# Razors EDGE fishes the Fall King Run 10/11-15 (pic heavy!)



## EllijayFalconsFan (Oct 16, 2013)

*This is Panama City Beach not Pensacola*

As the leaves begin to turn and the nights get cooler, some people will begin to think of pumpkins, holidays, and large dinners. A different few however, look to the gulf for this change in season brings the bi-annual king mackerel run. We had our dates set for a while and lady luck smiled upon us keeping Karen a small tropical depression instead of a larger storm. The storm system was perfect, it was just strong enough to bring in bait but weak enough to not muddy up the crystal clear water of Panama City Beach, Florida. We had 5 mornings of fishing and the target species was King Mackerel with hopefully a sailfish thrown in. Sadly, the sailfish alluded us this year, but the Kings were as thick as we have ever seen, we landed over 70 during the long weekend. We kept a few for the smoker, but all other were released to fight another day. All fish were of good quality with a lot going over 40 inches. So without further introduction here is the pics! 







The above is my buddy Doug. This was his first trip ever kayak fishing on the ocean. He did pretty well and I gotta say I'm proud of him considering he has a huge fear of sharks. Got a funny story about that, I'll post about it next. He caught a few keeper kings and is definitely hooked for life!





Didn't get a lot of group pics but you get the picture. We kept some good eating fish for grilling and smoking. Took a lot home!











My buddy John was the stud finder for this trip. It seemed every time he hooked up he had a stud fish on. Most of his were over 40 inches and 25 pound class fish. His shoulders were killing him by the end!











This was also my buddy Stuart's first time kayaking in the salt. He has done a lot of fishing but nothing made him grin like hearing a king mackerel scream off 100 yards of line. He is already asking me about the dates in May haha!

















It was an amazing trip to the emerald coast. We had a lot of fun in that beautiful water catching one of the most awesome gamefish there is. If you have ever wanted to do this, GET TO IT! You will never have more fun. One last picture to leave you with. Some fresh King Mack prepared by the Captains Table after a loooong morning of fishing.


----------



## J0nesi (Jun 22, 2011)

man y'all are killing it!!


----------



## Disco (Aug 21, 2013)

That looks like you guys had a really fun trip!!! Keep up the good work guys!!!


----------



## coolbluestreak (Jun 27, 2011)

Man, that is one heck of a first post! thanks for sharing your trip with us!


----------



## EllijayFalconsFan (Oct 16, 2013)

coolbluestreak said:


> Man, that is one heck of a first post! thanks for sharing your trip with us!


Thanks man!

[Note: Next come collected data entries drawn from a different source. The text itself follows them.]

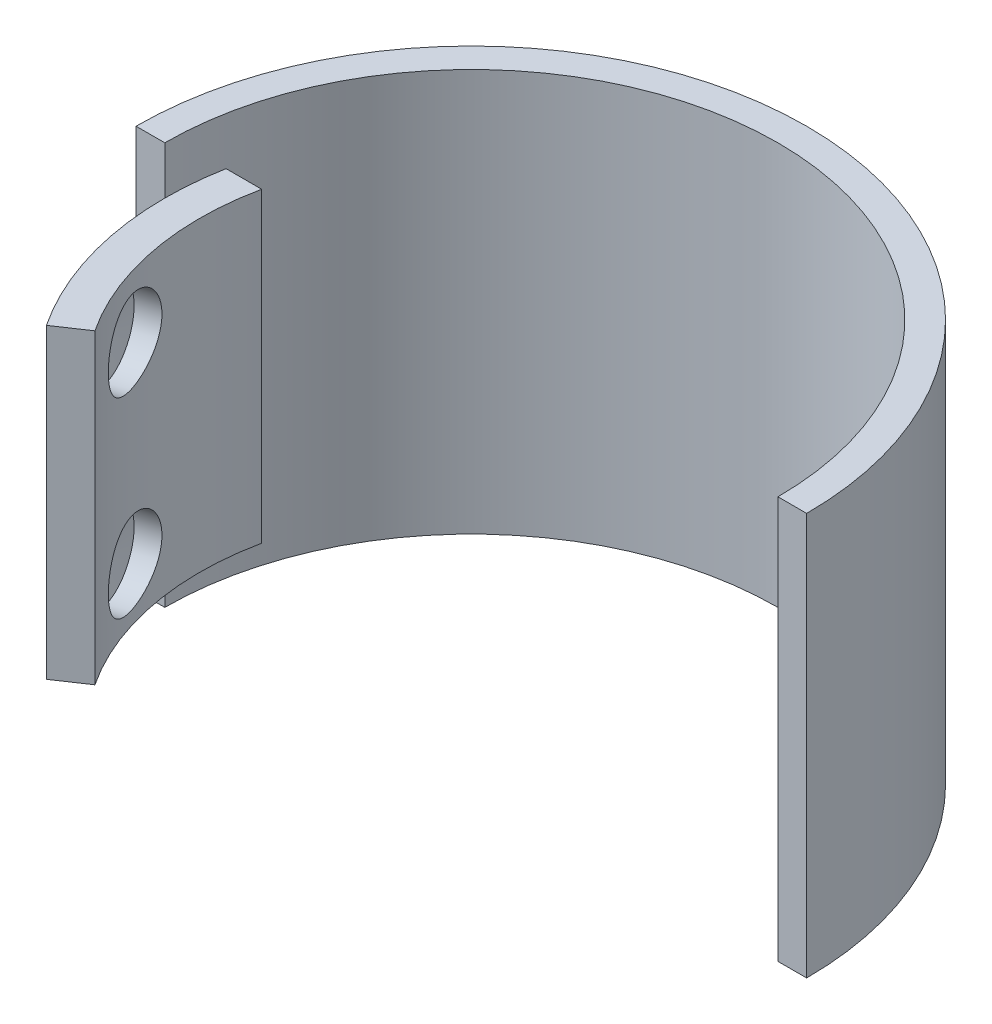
from build123d import *

# Parameters (mm, degrees)
BOSS_EXTRU_1_DEPTH              = 42
D_GAGEMENT_M102_D               = 8.5
D_GAGEMENT_M102_DEPTH           = 2
D_GAGEMENT_M102_TIP             = 0.559523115
D_GAGEMENT_M102_ON_FACE_2_D     = 8.5
D_GAGEMENT_M102_ON_FACE_2_DEPTH = 2
D_GAGEMENT_M102_ON_FACE_2_TIP   = 0.559523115
ENL_V_START                     = -5
ENL_V_MAT_EXTRU_1_DEPTH         = 5
ENL_V_MAT_EXTRU_2_DEPTH         = 5
D_GAGEMENT_M103_D               = 8.5
D_GAGEMENT_M103_DEPTH           = 2
D_GAGEMENT_M103_TIP             = 0.559523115
D_GAGEMENT_M103_ON_FACE_2_D     = 8.5
D_GAGEMENT_M103_ON_FACE_2_DEPTH = 2
D_GAGEMENT_M103_ON_FACE_2_TIP   = 0.559523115


with BuildPart() as part:
    # Esquisse1 → Boss.-Extru.1 (new body)
    with BuildSketch(Plane(origin=(0, 0, 0), x_dir=(1, 0, 0), z_dir=(0, 1, 0))):
        with BuildLine():
            Line((-35, 0), (-32, 0))
            ThreePointArc((-32, 0), (-31.462175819, -5.842216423), (-29.866781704, -11.488052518))
            ThreePointArc((-29.866781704, -11.488052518), (-28.439475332, -14.669568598), (-26.674471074, -17.676894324))
            Line((-26.674471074, -17.676894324), (-23.648884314, -15.645373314))
            ThreePointArc((-23.648884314, -15.645373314), (-27.855155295, -5.304503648), (-27.743913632, 5.858557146))
            Line((-27.743913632, 5.858557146), (-31.459137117, 5.858557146))
            ThreePointArc((-31.459137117, 5.858557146), (2.941735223, 31.864497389), (32, 0))
            Line((32, 0), (35, 0))
            ThreePointArc((35, 0), (0, 35), (-35, 0))
        make_face()
    extrude(amount=BOSS_EXTRU_1_DEPTH)

    # D_gagement M102
    with Locations(Plane(origin=(-27.077579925, 30.644072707, 8.417368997), x_dir=(0.296848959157, 0, 0.954924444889), z_dir=(0.954924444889, 0, -0.296848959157))):
        with Locations((0, 0)):
            Hole(D_GAGEMENT_M102_D / 2, depth=D_GAGEMENT_M102_DEPTH)
            with Locations((0, 0, -(D_GAGEMENT_M102_DEPTH + D_GAGEMENT_M102_TIP / 2))):  # 165° drill point
                Cone(0, D_GAGEMENT_M102_D / 2, D_GAGEMENT_M102_TIP, mode=Mode.SUBTRACT)

    # D_gagement M102 on face 2
    with Locations(Plane(origin=(-27.077579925, 10.644072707, 8.417368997), x_dir=(0.296849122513, 0, 0.954924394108), z_dir=(0.954924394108, 0, -0.296849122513))):
        with Locations((0, 0)):
            Hole(D_GAGEMENT_M102_ON_FACE_2_D / 2, depth=D_GAGEMENT_M102_ON_FACE_2_DEPTH)
            with Locations((0, 0, -(D_GAGEMENT_M102_ON_FACE_2_DEPTH + D_GAGEMENT_M102_ON_FACE_2_TIP / 2))):  # 165° drill point
                Cone(0, D_GAGEMENT_M102_ON_FACE_2_D / 2, D_GAGEMENT_M102_ON_FACE_2_TIP, mode=Mode.SUBTRACT)

    # Esquisse5 → Enl_v. mat.-Extru.1 (cut)
    with BuildSketch(Plane(origin=(0, 42, 0), x_dir=(1, 0, 0), z_dir=(0, 1, 0)).offset(ENL_V_START)):
        with BuildLine():
            Line((-25.791907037, 7.208066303), (-30.861449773, 8.459959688))
            ThreePointArc((-30.861449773, 8.459959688), (-31.466008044, -5.821540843), (-25.791907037, -18.941423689))
            Line((-25.791907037, -18.941423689), (-21.15404883, -16.422085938))
            ThreePointArc((-21.15404883, -16.422085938), (-26.278826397, -5.157709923), (-25.791907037, 7.208066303))
        make_face()
    extrude(amount=ENL_V_MAT_EXTRU_1_DEPTH, mode=Mode.SUBTRACT)

    # Esquisse6 → Enl_v. mat.-Extru.2 (cut)
    with BuildSketch(Plane.XZ):
        with BuildLine():
            Line((-24.27773602, 20.846859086), (-20.042037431, 17.938373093))
            ThreePointArc((-20.042037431, 17.938373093), (-26.372237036, 5.289008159), (-25.40909795, -8.823051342))
            Line((-25.40909795, -8.823051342), (-30.261604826, -10.403618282))
            ThreePointArc((-30.261604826, -10.403618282), (-31.429015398, 6.018055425), (-24.27773602, 20.846859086))
        make_face()
    extrude(amount=-ENL_V_MAT_EXTRU_2_DEPTH, mode=Mode.SUBTRACT)

    # D_gagement M103
    with Locations(Plane(origin=(30.4375, 30.44192575, -9.877175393), x_dir=(-0.308661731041, 0, -0.951171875), z_dir=(-0.951171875, 0, 0.308661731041))):
        with Locations((0, 0)):
            Hole(D_GAGEMENT_M103_D / 2, depth=D_GAGEMENT_M103_DEPTH)
            with Locations((0, 0, -(D_GAGEMENT_M103_DEPTH + D_GAGEMENT_M103_TIP / 2))):  # 165° drill point
                Cone(0, D_GAGEMENT_M103_D / 2, D_GAGEMENT_M103_TIP, mode=Mode.SUBTRACT)

    # D_gagement M103 on face 2
    with Locations(Plane(origin=(30.4375, 10.44192575, -9.877175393), x_dir=(-0.308661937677, 0, -0.951171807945), z_dir=(-0.951171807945, 0, 0.308661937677))):
        with Locations((0, 0)):
            Hole(D_GAGEMENT_M103_ON_FACE_2_D / 2, depth=D_GAGEMENT_M103_ON_FACE_2_DEPTH)
            with Locations((0, 0, -(D_GAGEMENT_M103_ON_FACE_2_DEPTH + D_GAGEMENT_M103_ON_FACE_2_TIP / 2))):  # 165° drill point
                Cone(0, D_GAGEMENT_M103_ON_FACE_2_D / 2, D_GAGEMENT_M103_ON_FACE_2_TIP, mode=Mode.SUBTRACT)


solid = part.part
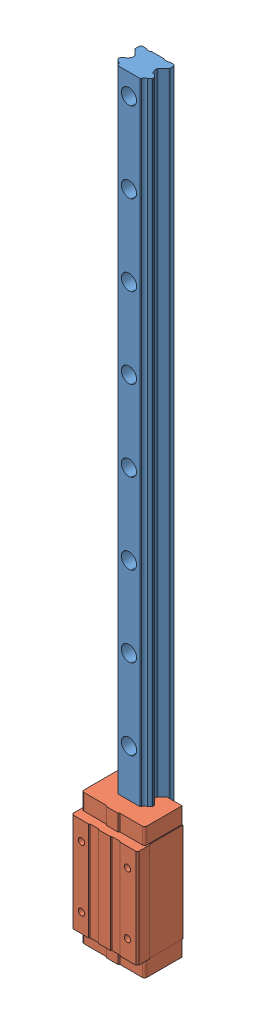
SolidWorks assembly HXH45HA1R1000ZOC+E227.527.5.step.sldasm, configuration 默认 (file format 13000). Lengths in mm.
Overall size (86 1000 70).
2 component instances, 2 part files, 0 mates.
Components (placement in the parent):
- HLR45R1000 E=27.5-1: HLR45R1000 E=27.5.SLDPRT [默认] at origin size (45 1000 38)
- HLH45HA-1: HLH45HA.SLDPRT [默认] at (0 90.6 32) size (86 171.2 60.5)

I've been kayak fishing for years and been lurking here. Glad to finally join the forum and start posting. :thumbup:


----------



## Ivarie (Mar 2, 2010)

Ellijay Falcons fan...I can only presume you chase stripers on Carters, Lanier and Toona during the times you're not at the beach?


----------



## EllijayFalconsFan (Oct 16, 2013)

Ivarie said:


> Ellijay Falcons fan...I can only presume you chase stripers on Carters, Lanier and Toona during the times you're not at the beach?


I live right by Carters and I do chase stripers on occasion but I fish for trout more. I'm a beach bum though, I live for the next opportunity to chase big game off my kayak. Soon I'll be graduating, so after May I hope to move down to the gulf coast. If anyone is looking for a Rad technologist let me know haha!


----------



## beachsceneguy (May 20, 2008)

looks like fun. great pics. yall slayed them !!!:thumbup::thumbup::thumbup:


----------



## no parts (Jun 12, 2008)

Wirelessly posted

Awesome post man! Looks like a ton of fun. Can't beat making memories like this with your buds.


----------



## Pompano Joe (Jan 28, 2009)

Yeah Baby! Tore 'em up!


----------



## Night Wing (May 16, 2011)

An awesome set of photos. :thumbsup:

Thanks for taking the time to post all of them.


----------



## DAWGONIT (Jan 16, 2009)

Rockin' the Yaks, snatching the Kings--WTG!
Thanks for sharing & catch 'em up.


----------



## parrothead (Oct 1, 2007)

Very nice !!!! 

Scott


----------